Your assignment: The data follows. Retype every entry exactly.

==================================================

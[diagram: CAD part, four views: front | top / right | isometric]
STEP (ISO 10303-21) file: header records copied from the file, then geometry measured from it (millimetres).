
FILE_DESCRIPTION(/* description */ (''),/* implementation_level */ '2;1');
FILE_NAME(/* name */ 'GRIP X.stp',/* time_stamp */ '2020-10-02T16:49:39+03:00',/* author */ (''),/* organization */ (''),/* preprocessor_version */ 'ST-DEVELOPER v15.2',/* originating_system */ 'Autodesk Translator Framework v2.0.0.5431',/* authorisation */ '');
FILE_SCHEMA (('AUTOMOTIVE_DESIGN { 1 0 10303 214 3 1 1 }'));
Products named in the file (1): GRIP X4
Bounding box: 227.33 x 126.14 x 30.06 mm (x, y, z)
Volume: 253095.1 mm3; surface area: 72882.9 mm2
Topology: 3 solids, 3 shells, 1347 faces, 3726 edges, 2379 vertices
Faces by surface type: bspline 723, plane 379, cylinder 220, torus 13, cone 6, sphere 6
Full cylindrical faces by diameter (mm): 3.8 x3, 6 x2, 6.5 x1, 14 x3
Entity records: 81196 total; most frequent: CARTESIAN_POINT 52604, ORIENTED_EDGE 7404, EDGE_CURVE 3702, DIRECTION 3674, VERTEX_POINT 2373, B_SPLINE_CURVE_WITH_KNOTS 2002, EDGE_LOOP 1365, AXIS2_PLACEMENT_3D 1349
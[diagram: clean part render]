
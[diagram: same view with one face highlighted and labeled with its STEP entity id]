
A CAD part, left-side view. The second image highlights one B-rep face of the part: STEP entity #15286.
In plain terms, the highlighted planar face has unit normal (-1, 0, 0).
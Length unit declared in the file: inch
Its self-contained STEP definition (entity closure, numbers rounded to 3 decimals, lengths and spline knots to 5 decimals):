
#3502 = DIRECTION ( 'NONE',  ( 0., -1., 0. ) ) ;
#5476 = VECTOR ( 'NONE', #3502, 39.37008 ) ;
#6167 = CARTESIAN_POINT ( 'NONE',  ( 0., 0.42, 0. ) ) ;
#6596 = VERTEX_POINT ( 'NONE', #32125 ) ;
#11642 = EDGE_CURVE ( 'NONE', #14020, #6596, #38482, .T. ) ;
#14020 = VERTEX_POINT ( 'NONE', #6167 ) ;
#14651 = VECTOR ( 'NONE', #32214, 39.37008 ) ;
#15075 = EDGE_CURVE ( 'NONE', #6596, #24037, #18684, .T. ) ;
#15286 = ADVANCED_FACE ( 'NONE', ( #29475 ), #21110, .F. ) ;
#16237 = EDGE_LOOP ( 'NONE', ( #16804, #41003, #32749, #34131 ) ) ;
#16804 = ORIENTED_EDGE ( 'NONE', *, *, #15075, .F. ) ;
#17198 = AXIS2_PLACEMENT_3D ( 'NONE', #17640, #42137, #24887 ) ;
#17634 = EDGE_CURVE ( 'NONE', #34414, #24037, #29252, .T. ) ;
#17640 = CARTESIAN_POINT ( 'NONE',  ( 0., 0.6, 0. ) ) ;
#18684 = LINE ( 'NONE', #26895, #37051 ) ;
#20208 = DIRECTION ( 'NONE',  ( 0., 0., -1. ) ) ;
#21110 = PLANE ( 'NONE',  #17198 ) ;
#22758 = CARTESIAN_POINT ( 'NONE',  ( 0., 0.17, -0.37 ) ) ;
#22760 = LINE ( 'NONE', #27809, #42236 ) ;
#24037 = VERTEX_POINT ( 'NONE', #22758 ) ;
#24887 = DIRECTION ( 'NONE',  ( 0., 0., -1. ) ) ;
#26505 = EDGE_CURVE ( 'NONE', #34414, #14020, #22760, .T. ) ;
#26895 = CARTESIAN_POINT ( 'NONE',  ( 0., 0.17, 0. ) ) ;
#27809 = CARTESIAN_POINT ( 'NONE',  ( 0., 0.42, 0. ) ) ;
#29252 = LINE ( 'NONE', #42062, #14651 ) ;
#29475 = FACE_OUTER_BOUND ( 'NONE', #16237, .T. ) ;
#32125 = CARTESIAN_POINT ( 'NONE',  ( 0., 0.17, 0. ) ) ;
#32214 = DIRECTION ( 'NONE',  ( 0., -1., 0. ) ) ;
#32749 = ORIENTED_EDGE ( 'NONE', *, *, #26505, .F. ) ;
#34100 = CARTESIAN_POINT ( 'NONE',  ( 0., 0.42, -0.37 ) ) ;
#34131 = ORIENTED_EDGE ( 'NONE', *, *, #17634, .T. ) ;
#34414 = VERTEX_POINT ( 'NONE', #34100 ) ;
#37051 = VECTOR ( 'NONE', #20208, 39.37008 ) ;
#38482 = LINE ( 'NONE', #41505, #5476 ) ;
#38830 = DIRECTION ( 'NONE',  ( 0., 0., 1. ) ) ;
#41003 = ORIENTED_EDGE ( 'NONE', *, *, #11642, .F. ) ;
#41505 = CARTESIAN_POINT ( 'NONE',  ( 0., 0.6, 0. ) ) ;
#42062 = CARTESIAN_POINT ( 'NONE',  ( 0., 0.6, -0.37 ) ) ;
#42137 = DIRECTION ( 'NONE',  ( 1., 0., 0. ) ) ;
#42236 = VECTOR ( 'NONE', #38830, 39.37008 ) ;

==================================================

Answer for this exercise:
[diagram: CAD part, four views: front | top / right | isometric]
STEP (ISO 10303-21) file: header records copied from the file, then geometry measured from it (millimetres).
FILE_DESCRIPTION(/* description */ (''),/* implementation_level */ '2;1');
FILE_NAME(/* name */ 'GRIP X.stp',/* time_stamp */ '2020-10-02T16:49:39+03:00',/* author */ (''),/* organization */ (''),/* preprocessor_version */ 'ST-DEVELOPER v15.2',/* originating_system */ 'Autodesk Translator Framework v2.0.0.5431',/* authorisation */ '');
FILE_SCHEMA (('AUTOMOTIVE_DESIGN { 1 0 10303 214 3 1 1 }'));
Products named in the file (1): GRIP X4
Bounding box: 227.33 x 126.14 x 30.06 mm (x, y, z)
Volume: 253095.1 mm3; surface area: 72882.9 mm2
Topology: 3 solids, 3 shells, 1347 faces, 3726 edges, 2379 vertices
Faces by surface type: bspline 723, plane 379, cylinder 220, torus 13, cone 6, sphere 6
Full cylindrical faces by diameter (mm): 3.8 x3, 6 x2, 6.5 x1, 14 x3
Entity records: 81196 total; most frequent: CARTESIAN_POINT 52604, ORIENTED_EDGE 7404, EDGE_CURVE 3702, DIRECTION 3674, VERTEX_POINT 2373, B_SPLINE_CURVE_WITH_KNOTS 2002, EDGE_LOOP 1365, AXIS2_PLACEMENT_3D 1349
[diagram: clean part render]
[diagram: same view with one face highlighted and labeled with its STEP entity id]
A CAD part, left-side view. The second image highlights one B-rep face of the part: STEP entity #15286.
In plain terms, the highlighted planar face has unit normal (-1, 0, 0).
Length unit declared in the file: inch
Its self-contained STEP definition (entity closure, numbers rounded to 3 decimals, lengths and spline knots to 5 decimals):
#3502 = DIRECTION ( 'NONE',  ( 0., -1., 0. ) ) ;
#5476 = VECTOR ( 'NONE', #3502, 39.37008 ) ;
#6167 = CARTESIAN_POINT ( 'NONE',  ( 0., 0.42, 0. ) ) ;
#6596 = VERTEX_POINT ( 'NONE', #32125 ) ;
#11642 = EDGE_CURVE ( 'NONE', #14020, #6596, #38482, .T. ) ;
#14020 = VERTEX_POINT ( 'NONE', #6167 ) ;
#14651 = VECTOR ( 'NONE', #32214, 39.37008 ) ;
#15075 = EDGE_CURVE ( 'NONE', #6596, #24037, #18684, .T. ) ;
#15286 = ADVANCED_FACE ( 'NONE', ( #29475 ), #21110, .F. ) ;
#16237 = EDGE_LOOP ( 'NONE', ( #16804, #41003, #32749, #34131 ) ) ;
#16804 = ORIENTED_EDGE ( 'NONE', *, *, #15075, .F. ) ;
#17198 = AXIS2_PLACEMENT_3D ( 'NONE', #17640, #42137, #24887 ) ;
#17634 = EDGE_CURVE ( 'NONE', #34414, #24037, #29252, .T. ) ;
#17640 = CARTESIAN_POINT ( 'NONE',  ( 0., 0.6, 0. ) ) ;
#18684 = LINE ( 'NONE', #26895, #37051 ) ;
#20208 = DIRECTION ( 'NONE',  ( 0., 0., -1. ) ) ;
#21110 = PLANE ( 'NONE',  #17198 ) ;
#22758 = CARTESIAN_POINT ( 'NONE',  ( 0., 0.17, -0.37 ) ) ;
#22760 = LINE ( 'NONE', #27809, #42236 ) ;
#24037 = VERTEX_POINT ( 'NONE', #22758 ) ;
#24887 = DIRECTION ( 'NONE',  ( 0., 0., -1. ) ) ;
#26505 = EDGE_CURVE ( 'NONE', #34414, #14020, #22760, .T. ) ;
#26895 = CARTESIAN_POINT ( 'NONE',  ( 0., 0.17, 0. ) ) ;
#27809 = CARTESIAN_POINT ( 'NONE',  ( 0., 0.42, 0. ) ) ;
#29252 = LINE ( 'NONE', #42062, #14651 ) ;
#29475 = FACE_OUTER_BOUND ( 'NONE', #16237, .T. ) ;
#32125 = CARTESIAN_POINT ( 'NONE',  ( 0., 0.17, 0. ) ) ;
#32214 = DIRECTION ( 'NONE',  ( 0., -1., 0. ) ) ;
#32749 = ORIENTED_EDGE ( 'NONE', *, *, #26505, .F. ) ;
#34100 = CARTESIAN_POINT ( 'NONE',  ( 0., 0.42, -0.37 ) ) ;
#34131 = ORIENTED_EDGE ( 'NONE', *, *, #17634, .T. ) ;
#34414 = VERTEX_POINT ( 'NONE', #34100 ) ;
#37051 = VECTOR ( 'NONE', #20208, 39.37008 ) ;
#38482 = LINE ( 'NONE', #41505, #5476 ) ;
#38830 = DIRECTION ( 'NONE',  ( 0., 0., 1. ) ) ;
#41003 = ORIENTED_EDGE ( 'NONE', *, *, #11642, .F. ) ;
#41505 = CARTESIAN_POINT ( 'NONE',  ( 0., 0.6, 0. ) ) ;
#42062 = CARTESIAN_POINT ( 'NONE',  ( 0., 0.6, -0.37 ) ) ;
#42137 = DIRECTION ( 'NONE',  ( 1., 0., 0. ) ) ;
#42236 = VECTOR ( 'NONE', #38830, 39.37008 ) ;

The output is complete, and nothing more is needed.